**ASSIGNMENT**
Extract only the first line of the listing and every line after it up to and including the one with "layer by layer". Omit the pictures.

**DATA FOR ANALYSIS**
++++++++++++++++++++

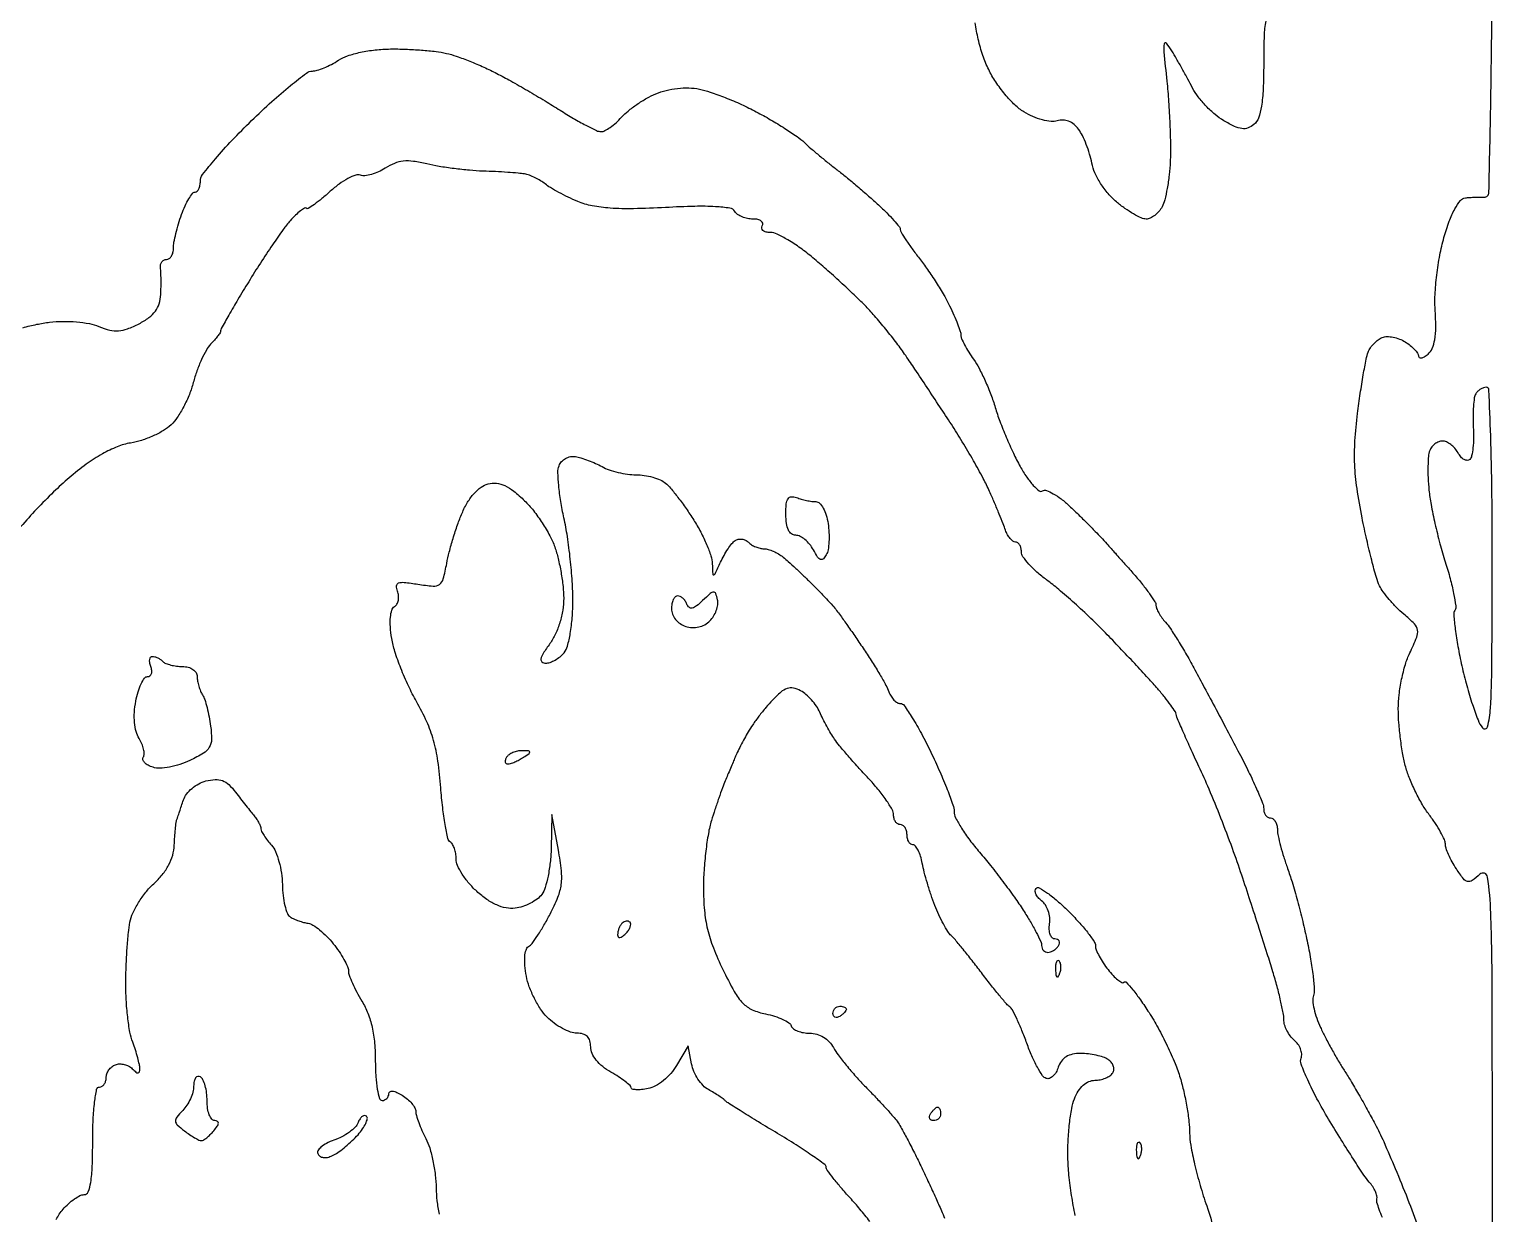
# Model space of a CAD drawing. Extents: x 0 to 102, y 0 to 135.
# Drawn here: x 83.13 to 101.52, y 110.76 to 125.65 of the extents above; entities that cross this region are included whole.
import ezdxf

# ---------------------------------------------------------------- set-up
doc = ezdxf.new("R2010")
doc.units = 0
doc.header["$MEASUREMENT"] = 0

msp = doc.modelspace()

# ---------------------------------------------------------------- linework, layer by layer
for points in [[(30.835569, 68.0607, 0.000004), (30.856286, 64.932268, 0.000002), (30.883525, 60.825814, 0.000002), (30.912326, 56.488502, 0.000002), (30.938318, 52.5789, -0.000116)], [(101.518705, 110.606462, 0.000494), (101.516623, 113.562432, 0.008424), (101.498607, 114.534008, 0.025959), (101.458777, 114.989109, 0.601865), (101.362301, 115.024108, -0.02739), (101.263634, 114.94419, -0.216649), (101.207407, 114.932831, -0.175535), (101.154885, 114.966861, -0.017082), (101.066201, 115.09262, -0.019729), (101.013225, 115.18088, -0.020898), (100.968455, 115.271392, -0.021059), (100.936618, 115.352169, -0.083526), (100.9278, 115.404588, 0.107669), (100.915858, 115.459403, 0.019065), (100.86822, 115.553849, 0.019857), (100.802626, 115.662051, 0.016729), (100.724976, 115.771245, -0.030582), (100.640534, 115.897237, -0.01791), (100.55447, 116.05724, -0.017871), (100.479566, 116.224101, -0.028855), (100.429348, 116.371431, -0.023546), (100.393702, 116.52809, -0.01253), (100.363666, 116.724709, -0.012446), (100.342977, 116.927568, -0.018894), (100.336072, 117.10468, -0.030113), (100.346407, 117.27957, -0.020778), (100.378174, 117.475448, -0.021011), (100.424668, 117.661924, -0.039673), (100.480062, 117.806599, 0.014325), (100.567343, 118.003993, 0.136595), (100.577926, 118.09468, 0.158795), (100.538868, 118.171512, 0.021282), (100.403431, 118.295919, -0.02268), (100.312754, 118.37968, -0.018356), (100.223129, 118.477253, -0.018733), (100.147039, 118.573532, -0.044764), (100.100105, 118.6515, -0.043764), (100.060456, 118.755282, -0.006487), (100.001798, 118.971872, -0.007267), (99.939382, 119.23031, -0.006197), (99.880921, 119.504529, -0.013401), (99.817007, 119.874972, -0.025172), (99.788588, 120.177325, -0.026261), (99.79128, 120.472364, -0.016122), (99.823875, 120.818564, -0.005101), (99.858368, 121.070033, -0.006235), (99.895949, 121.304411, -0.00528), (99.932025, 121.50042, -0.043485), (99.95703, 121.587544, -0.056924), (99.986511, 121.644153, -0.041517), (100.030977, 121.699497, -0.042191), (100.082722, 121.745491, -0.069083), (100.133986, 121.773787, -0.093789), (100.193336, 121.784549, -0.04597), (100.270071, 121.776886, -0.043405), (100.350937, 121.753794, -0.048372), (100.423544, 121.717678, -0.029905), (100.487028, 121.672544, -0.035864), (100.54068, 121.622609, -0.038729), (100.578488, 121.575097, -0.149788), (100.5894, 121.539491, 0.261564), (100.600155, 121.520339, 0.190725), (100.624717, 121.516109, 0.086533), (100.663425, 121.531525, 0.035283), (100.709627, 121.564662, 0.120764), (100.762274, 121.635712, 0.057832), (100.794056, 121.745487, 0.041174), (100.80689, 121.897969, 0.017324), (100.800102, 122.10377, -0.029568), (100.798356, 122.309352, -0.016919), (100.819296, 122.556704, -0.01673), (100.857829, 122.808685, -0.023653), (100.910126, 123.02955, -0.018025), (100.976965, 123.234085, -0.035513), (101.04711, 123.389949, -0.044505), (101.116289, 123.494889, -0.201747), (101.1792, 123.529327, -0.009321), (101.236418, 123.534149, -0.006364), (101.301582, 123.537586, -0.006416), (101.364519, 123.539295, -0.012858), (101.41425, 123.538727, 0.418263), (101.474937, 123.595853, 0.001355), (101.498486, 124.738484, 0.003769), (101.515704, 126.400775, 0.000705)], [(98.674959, 125.776886, 0.05195), (98.649515, 125.589317, 0.007756), (98.6436, 125.20804, -0.010394), (98.637106, 124.895686, -0.029815), (98.615196, 124.679891, -0.043307), (98.578023, 124.532686, -0.136885), (98.520625, 124.449857, -0.086556), (98.446508, 124.407417, -0.119766), (98.370646, 124.399118, -0.079353), (98.277123, 124.426803, -0.021849), (98.141292, 124.499231, -0.042052), (98.03331, 124.575933, -0.026611), (97.920747, 124.681828, -0.026665), (97.820558, 124.798534, -0.043758), (97.750492, 124.908183, 0.003914), (97.689834, 125.022185, 0.002591), (97.618481, 125.152182, 0.002608), (97.547835, 125.277776, 0.005066), (97.489884, 125.3772, 0.039649), (97.421385, 125.473735, 0.640646), (97.392519, 125.465898, 0.065356), (97.388975, 125.366393, 0.002486), (97.426048, 124.9965, -0.008949), (97.448477, 124.73925, -0.006736), (97.464257, 124.455729, -0.006814), (97.471869, 124.188658, -0.015568), (97.468592, 123.987177, -0.016075), (97.454962, 123.816194, -0.016337), (97.430419, 123.647367, -0.016339), (97.399544, 123.502305, -0.062333), (97.366426, 123.416127, -0.054066), (97.326198, 123.357252, -0.051781), (97.27375, 123.307416, -0.055976), (97.217597, 123.273406, -0.108607), (97.166614, 123.2622, -0.107995), (97.105155, 123.275631, -0.023417), (97.008062, 123.325826, -0.023385), (96.898934, 123.395886, -0.020508), (96.791768, 123.4788, -0.042627), (96.68771, 123.582714, -0.033906), (96.593757, 123.710738, -0.034822), (96.521418, 123.84452, -0.059735), (96.483177, 123.96525, 0.025946), (96.455186, 124.079977, 0.020115), (96.413344, 124.201575, 0.020515), (96.364958, 124.312096, 0.045309), (96.317313, 124.390823, 0.062093), (96.259265, 124.452041, 0.077836), (96.191953, 124.491715, 0.083835), (96.119942, 124.50706, 0.087725), (96.048079, 124.497495, -0.103911), (95.970465, 124.489687, -0.03823), (95.86164, 124.509856, -0.035872), (95.742508, 124.550846, -0.035836), (95.630415, 124.608455, -0.055622), (95.51661, 124.696327, -0.027033), (95.391493, 124.831143, -0.02642), (95.275035, 124.987161, -0.034401), (95.186549, 125.141844, -0.031604), (95.113919, 125.31972, -0.023804), (95.056167, 125.522953, -0.023919), (95.018317, 125.72927, -0.033415)], [(83.045244, 121.8962, -0.016004), (83.219912, 121.938528, -0.020974), (83.381888, 121.9653, -0.028586), (83.545597, 121.975908, -0.023697), (83.720136, 121.968951, -0.024423), (83.88131, 121.946886, -0.051999), (84.001773, 121.911097, 0.036576), (84.138288, 121.865921, 0.079234), (84.248087, 121.856198, 0.073702), (84.360417, 121.880958, 0.028297), (84.506712, 121.946407, 0.038671), (84.629656, 122.022557, 0.074941), (84.711528, 122.103787, 0.085185), (84.759352, 122.197989, 0.064176), (84.779224, 122.312623, 0.007002), (84.782052, 122.408618, 0.006621), (84.782269, 122.506461, 0.006596), (84.780171, 122.593069, 0.022934), (84.775515, 122.64885, -0.082595), (84.776957, 122.689235, -0.103799), (84.791757, 122.723536, -0.116034), (84.817509, 122.746375, -0.124261), (84.850091, 122.7546, 0.158119), (84.883773, 122.765525, 0.097126), (84.912459, 122.796325, 0.079013), (84.931827, 122.842324, 0.060279), (84.9384, 122.896644, -0.045341), (84.945055, 122.969879, -0.013619), (84.968244, 123.079493, -0.01353), (85.001105, 123.201658, -0.014287), (85.039995, 123.319644, -0.019914), (85.083834, 123.427273, -0.028867), (85.131606, 123.518069, -0.02832), (85.177133, 123.584805, -0.232954), (85.209195, 123.6006, 0.194715), (85.235018, 123.611052, 0.086992), (85.256941, 123.641247, 0.066861), (85.271823, 123.686012, 0.046889), (85.2768, 123.738972, -0.166304), (85.304749, 123.820677, -0.010638), (85.46585, 124.019711, -0.014648), (85.673826, 124.251628, -0.010325), (85.920376, 124.500372, -0.008733), (86.175725, 124.739071, -0.012595), (86.410387, 124.940385, -0.008337), (86.611264, 125.098617, -0.16408), (86.684753, 125.1234, 0.07471), (86.74519, 125.132481, 0.023681), (86.831192, 125.16345, 0.023052), (86.925102, 125.207557, 0.023718), (87.013636, 125.259741, -0.064171), (87.12666, 125.314599, -0.027739), (87.288282, 125.359024, -0.025929), (87.47464, 125.389277, -0.024651), (87.666309, 125.400752, -0.012043), (87.855457, 125.398183, -0.010035), (88.056165, 125.386582, -0.010165), (88.239491, 125.368533, -0.026969), (88.369158, 125.345955, -0.027416), (88.49432, 125.309811, -0.010859), (88.662073, 125.247113, -0.010709), (88.840686, 125.171428, -0.013206), (89.003658, 125.092978, -0.008539), (89.177725, 124.999659, -0.004413), (89.392288, 124.877371, -0.004385), (89.610722, 124.747732, -0.006633), (89.798313, 124.630734, 0.009764), (89.965657, 124.527813, 0.012858), (90.122377, 124.440941, 0.01033), (90.255419, 124.375062, 0.110223), (90.313951, 124.362, 0.121095), (90.362016, 124.373814, 0.032188), (90.429958, 124.415132, 0.03069), (90.503498, 124.473647, 0.027384), (90.572338, 124.542876, -0.039858), (90.653376, 124.620409, -0.0208), (90.76538, 124.704155, -0.020551), (90.888145, 124.781009, -0.029461), (91.003189, 124.837913, -0.040475), (91.131957, 124.880518, -0.032987), (91.27506, 124.905477, -0.033196), (91.419071, 124.911291, -0.042872), (91.550514, 124.896547, -0.033478), (91.68703, 124.859598, -0.012184), (91.875019, 124.789776, -0.012018), (92.0776, 124.703163, -0.01405), (92.265341, 124.611044, -0.010948), (92.445042, 124.511433, -0.010382), (92.623464, 124.402334, -0.010389), (92.777224, 124.299304, -0.035569), (92.870556, 124.223484, 0.009935), (92.952145, 124.149957, 0.004625), (93.06071, 124.057702, 0.004579), (93.176486, 123.962934, 0.006379), (93.28194, 123.880407, -0.00865), (93.394789, 123.791264, -0.004324), (93.53458, 123.674823, -0.004291), (93.677243, 123.551765, -0.006315), (93.80025, 123.441026, -0.010241), (93.905586, 123.339685, -0.014647), (93.994433, 123.245254, -0.010467), (94.063459, 123.164086, -0.172633), (94.0752, 123.131093, 0.138707), (94.085054, 123.096254, 0.007867), (94.14574, 123.000956, 0.011563), (94.223343, 122.888949, 0.008191), (94.315338, 122.766774, -0.013899), (94.417551, 122.627755, -0.009484), (94.526225, 122.464471, -0.009564), (94.625096, 122.302896, -0.018973), (94.696038, 122.170552, -0.010004), (94.749859, 122.054462, -0.012231), (94.79531, 121.943779, -0.010773), (94.829019, 121.849578, -0.080698), (94.8366, 121.802912, 0.103848), (94.845839, 121.758908, 0.017333), (94.883497, 121.680665, 0.018351), (94.935126, 121.590478, 0.015352), (94.996249, 121.49866, -0.033836), (95.065478, 121.385842, -0.014878), (95.142193, 121.228234, -0.014646), (95.21395, 121.055604, -0.019035), (95.268892, 120.8934, 0.017684), (95.326567, 120.721597, 0.010177), (95.407475, 120.518799, 0.01016), (95.497137, 120.31817, 0.016702), (95.581993, 120.152762, 0.022281), (95.664673, 120.018496, 0.036305), (95.747635, 119.913583, 0.041911), (95.820441, 119.846385, 0.313494), (95.864879, 119.843983, -0.230834), (95.912821, 119.848786, -0.039615), (95.99826, 119.809285, -0.03615), (96.098977, 119.742647, -0.025146), (96.202701, 119.654021, -0.003594), (96.310695, 119.550443, -0.002972), (96.424297, 119.438584, -0.003001), (96.527263, 119.334746, -0.008045), (96.598923, 119.259214, -0.002553), (96.671487, 119.179406, -0.0008), (96.779376, 119.059137, -0.0008), (96.899389, 118.924489, -0.000885), (97.014984, 118.793914, -0.011492), (97.120274, 118.668876, -0.01557), (97.20914, 118.550942, -0.012493), (97.276676, 118.449994, -0.14189), (97.289934, 118.404361, 0.099904), (97.297813, 118.365493, 0.028664), (97.325021, 118.310084, 0.027617), (97.363627, 118.249719, 0.026205), (97.409286, 118.192861, -0.036541), (97.470607, 118.113187, -0.007298), (97.567246, 117.961852, -0.007682), (97.674691, 117.781932, -0.007095), (97.779514, 117.594, -0.001028), (97.897473, 117.374197, -0.000505), (98.046797, 117.093891, -0.000501), (98.201348, 116.802361, -0.000728), (98.337028, 116.544901, -0.007446), (98.454449, 116.312971, -0.009974), (98.553544, 116.09906, -0.00745), (98.629708, 115.918402, -0.096315), (98.6436, 115.846951, 0.072466), (98.649955, 115.80333, 0.087331), (98.668451, 115.766332, 0.100472), (98.695938, 115.741598, 0.133905), (98.7282, 115.7328, -0.16846), (98.760772, 115.721505, -0.091598), (98.78904, 115.68931, -0.07335), (98.80882, 115.641383, -0.05503), (98.816513, 115.58475, 0.046049), (98.825772, 115.506048, 0.011701), (98.855438, 115.380785, 0.01183), (98.896229, 115.238717, 0.011722), (98.943808, 115.0983, -0.015636), (98.99974, 114.928883, -0.006028), (99.067108, 114.690619, -0.005962), (99.134013, 114.430304, -0.007319), (99.190011, 114.185648, -0.010452), (99.23378, 113.957414, -0.013585), (99.263782, 113.746648, -0.011242), (99.279943, 113.570992, -0.10935), (99.268955, 113.497574, 0.117044), (99.260588, 113.435221, 0.029596), (99.276878, 113.333519, 0.028554), (99.309957, 113.216319, 0.025443), (99.357262, 113.098926, 0.011021), (99.419776, 112.971461, 0.006666), (99.499106, 112.823214, 0.006676), (99.581848, 112.678039, 0.011649), (99.654795, 112.5603, -0.009962), (99.733841, 112.433673, -0.003952), (99.837528, 112.256797, -0.003909), (99.946489, 112.064043, -0.004896), (100.044393, 111.8835, -0.017408), (100.152162, 111.661698, -0.005519), (100.297586, 111.323818, -0.005502), (100.451507, 110.943313, -0.006094), (100.591704, 110.5722, -0.005778)], [(100.137584, 110.706644, -0.020477), (100.095545, 110.810516, -0.018862), (100.067777, 110.898441, -0.136744), (100.067935, 110.942338, 0.137305), (100.068031, 110.980111, 0.040454), (100.047914, 111.035007, 0.037278), (100.014191, 111.095775, 0.032548), (99.970395, 111.153838, -0.030669), (99.903532, 111.241796, -0.003823), (99.771763, 111.442471, -0.004494), (99.619086, 111.683638, -0.003709), (99.460554, 111.943388, -0.012076), (99.313881, 112.201704, -0.017226), (99.197322, 112.438267, -0.013231), (99.114191, 112.636602, -0.186324), (99.114038, 112.712384, 0.113846), (99.12146, 112.765168, 0.069363), (99.107314, 112.826826, 0.063805), (99.074789, 112.88759, 0.064882), (99.02815, 112.937805, -0.058486), (98.978111, 112.990323, -0.04372), (98.935808, 113.058248, -0.044587), (98.906943, 113.130409, -0.072978), (98.8974, 113.195444, 0.047787), (98.889304, 113.279964, 0.008699), (98.856711, 113.434087, 0.009292), (98.811914, 113.613737, 0.008312), (98.758886, 113.798435, 0.002712), (98.688457, 114.0248, 0.001006), (98.58697, 114.342638, 0.000997), (98.474868, 114.688927, 0.001203), (98.36815, 115.0137, 0.008281), (98.250765, 115.349336, 0.005554), (98.105988, 115.729225, 0.005593), (97.957528, 116.094119, 0.010986), (97.829865, 116.380328, -0.003046), (97.720238, 116.61597, -0.004588), (97.627832, 116.822797, -0.001921), (97.551209, 117.00047, -0.101172), (97.5438, 117.036711, 0.150218), (97.534177, 117.068017, 0.008592), (97.475459, 117.15139, 0.012497), (97.400278, 117.24911, 0.008809), (97.31115, 117.355274, 0.006343), (97.192945, 117.48771, 0.002323), (97.022585, 117.672044, 0.002302), (96.834503, 117.871816, 0.002757), (96.6555, 118.05813, 0.009306), (96.470318, 118.241794, 0.007364), (96.263564, 118.433613, 0.007454), (96.066376, 118.605971, 0.018349), (95.91525, 118.724893, -0.023328), (95.79379, 118.822444, -0.029173), (95.691192, 118.924273, -0.029814), (95.617491, 119.017069, -0.154105), (95.598, 119.078805, 0.059052), (95.592443, 119.125691, 0.078036), (95.576047, 119.165388, 0.096527), (95.551773, 119.191978, 0.160979), (95.523267, 119.2014, -0.159497), (95.491023, 119.211954, -0.059494), (95.455776, 119.24489, -0.051249), (95.423137, 119.2928, -0.042386), (95.398454, 119.34945, 0.012764), (95.369568, 119.428164, 0.003305), (95.318982, 119.553415, 0.00336), (95.259389, 119.695484, 0.00342), (95.198237, 119.8359, 0.017976), (95.117881, 120.000764, 0.006909), (94.994971, 120.224003, 0.00683), (94.854831, 120.462764, 0.008356), (94.717097, 120.6819, 0.001223), (94.572662, 120.902215, 0.00091), (94.412205, 121.144707, 0.00092), (94.260048, 121.372836, 0.002088), (94.143978, 121.544611, 0.012857), (94.031467, 121.700844, 0.008154), (93.892825, 121.877234, 0.008189), (93.75094, 122.046085, 0.014976), (93.628981, 122.178277, 0.0092), (93.497511, 122.307631, 0.004456), (93.324884, 122.468443, 0.004417), (93.14204, 122.63281, 0.00634), (92.976951, 122.774916, 0.018391), (92.820455, 122.896689, 0.021765), (92.663765, 122.999563, 0.021247), (92.525933, 123.073959, 0.1136), (92.443208, 123.093, -0.054802), (92.387715, 123.099101, -0.118538), (92.349385, 123.117851, -0.18928), (92.334039, 123.145565, -0.172986), (92.3409, 123.1776, 0.195087), (92.346335, 123.209599, 0.183858), (92.328124, 123.237349, 0.1076), (92.285132, 123.256138, 0.049451), (92.223986, 123.2622, -0.050808), (92.154912, 123.269237, -0.047949), (92.087256, 123.290083, -0.051531), (92.030831, 123.320738, -0.104522), (91.996121, 123.357121, 0.219824), (91.932747, 123.399046, 0.023635), (91.753185, 123.417867, 0.020689), (91.493629, 123.421968, 0.007432), (91.12422, 123.407021, -0.008889), (90.722065, 123.391923, -0.022158), (90.42801, 123.399147, -0.030173), (90.2026, 123.428432, -0.051609), (90.02113, 123.48311, -0.012843), (89.901302, 123.536833, -0.01181), (89.780944, 123.598086, -0.0119), (89.676242, 123.657783, -0.037703), (89.610504, 123.704451, 0.037106), (89.55409, 123.744601, 0.024708), (89.484225, 123.782313, 0.024903), (89.412392, 123.812325, 0.043795), (89.350215, 123.828761, 0.020801), (89.272788, 123.838829, 0.004642), (89.139852, 123.849275, 0.004811), (88.985982, 123.858443, 0.004631), (88.83, 123.864784, -0.014584), (88.660633, 123.875048, -0.009505), (88.465883, 123.896303, -0.009561), (88.276557, 123.924304, -0.017954), (88.125053, 123.955309, 0.025079), (87.955279, 123.987541, 0.059391), (87.826823, 123.989959, 0.070569), (87.715367, 123.962599, 0.049644), (87.600735, 123.902799, -0.03682), (87.515977, 123.855785, -0.038973), (87.426807, 123.822737, -0.042193), (87.346126, 123.806997, -0.119247), (87.289587, 123.814333, 0.178306), (87.229471, 123.815145, 0.037877), (87.132067, 123.772217, 0.035191), (87.020533, 123.702106, 0.027159), (86.909331, 123.611102, -0.011909), (86.803776, 123.519207, -0.019469), (86.709606, 123.447085, -0.014188), (86.631536, 123.395233, -0.349045), (86.60741, 123.39799, 0.347152), (86.585556, 123.400561, 0.028121), (86.534817, 123.365297, 0.028379), (86.473184, 123.311204, 0.017138), (86.406264, 123.240716, 0.025882), (86.319231, 123.131629, 0.005857), (86.18345, 122.937336, 0.006052), (86.031972, 122.709194, 0.005842), (85.88423, 122.474764, 0.003142), (85.748697, 122.250886, 0.00483), (85.634479, 122.055244, 0.001757), (85.53859, 121.885913, 0.128639), (85.5306, 121.855371, -0.141403), (85.523722, 121.831536, -0.019042), (85.49398, 121.78806, -0.020735), (85.453673, 121.738166, -0.016107), (85.405936, 121.68725, 0.068575), (85.351647, 121.615608, 0.021246), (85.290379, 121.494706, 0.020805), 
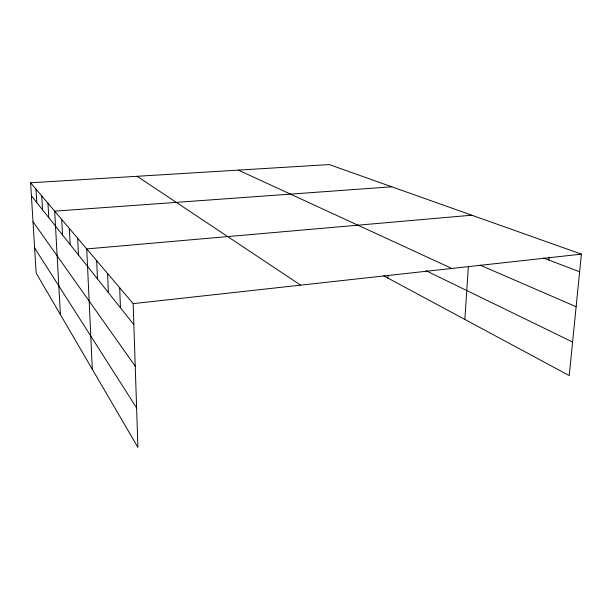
<?xml version="1.0" encoding="UTF-8"?>
<svg xmlns="http://www.w3.org/2000/svg" width="612" height="612" viewBox="0 0 612 612"><rect width="100%" height="100%" fill="white"/><g stroke="black" fill="none" stroke-linecap="round" stroke-linejoin="round"><path stroke-width="0.92" d="M387.878 278.07L388 275.247M464.829 319.433L468.348 266.855M548.834 260.031L549.086 257.208M30.6 182.789L133.148 303.636L137.93 447.426L36.184 273.113L30.6 182.789L329.241 164.574L581.4 254.141L569.229 375.554L383.716 275.828M133.148 303.636L581.4 254.141M471.806 215.21L86.728 248.931L92.32 369.281M391.81 186.798L54.675 211.163L60.397 314.591M543.54 258.012L579.633 271.774M480.16 265.149L576.129 306.742M238.343 170.113L451.809 268.446M425.944 270.672L572.595 342.024M137.119 176.294L300.63 285.146M31.403 195.794L133.844 324.658M33.01 221.705L135.229 366.205M34.632 247.99L136.614 407.936M35.978 189.123L36.789 202.564M41.746 195.924L42.565 209.84M47.966 203.253L48.784 217.658M61.72 219.463L62.546 234.97M69.355 228.46L70.181 244.57M77.663 238.252L78.481 255.013M96.665 260.643L97.461 278.881M107.597 273.526L108.37 292.613M119.7 287.785L120.442 307.79"/></g></svg>

++++++++++++++++++++

**SOLVED EXERCISE**
# Model space of a CAD drawing. Extents: x 0 to 102, y 0 to 135.
# Drawn here: x 83.13 to 101.52, y 110.76 to 125.65 of the extents above; entities that cross this region are included whole.
import ezdxf

# ---------------------------------------------------------------- set-up
doc = ezdxf.new("R2010")
doc.units = 0
doc.header["$MEASUREMENT"] = 0

msp = doc.modelspace()

# ---------------------------------------------------------------- linework, layer by layer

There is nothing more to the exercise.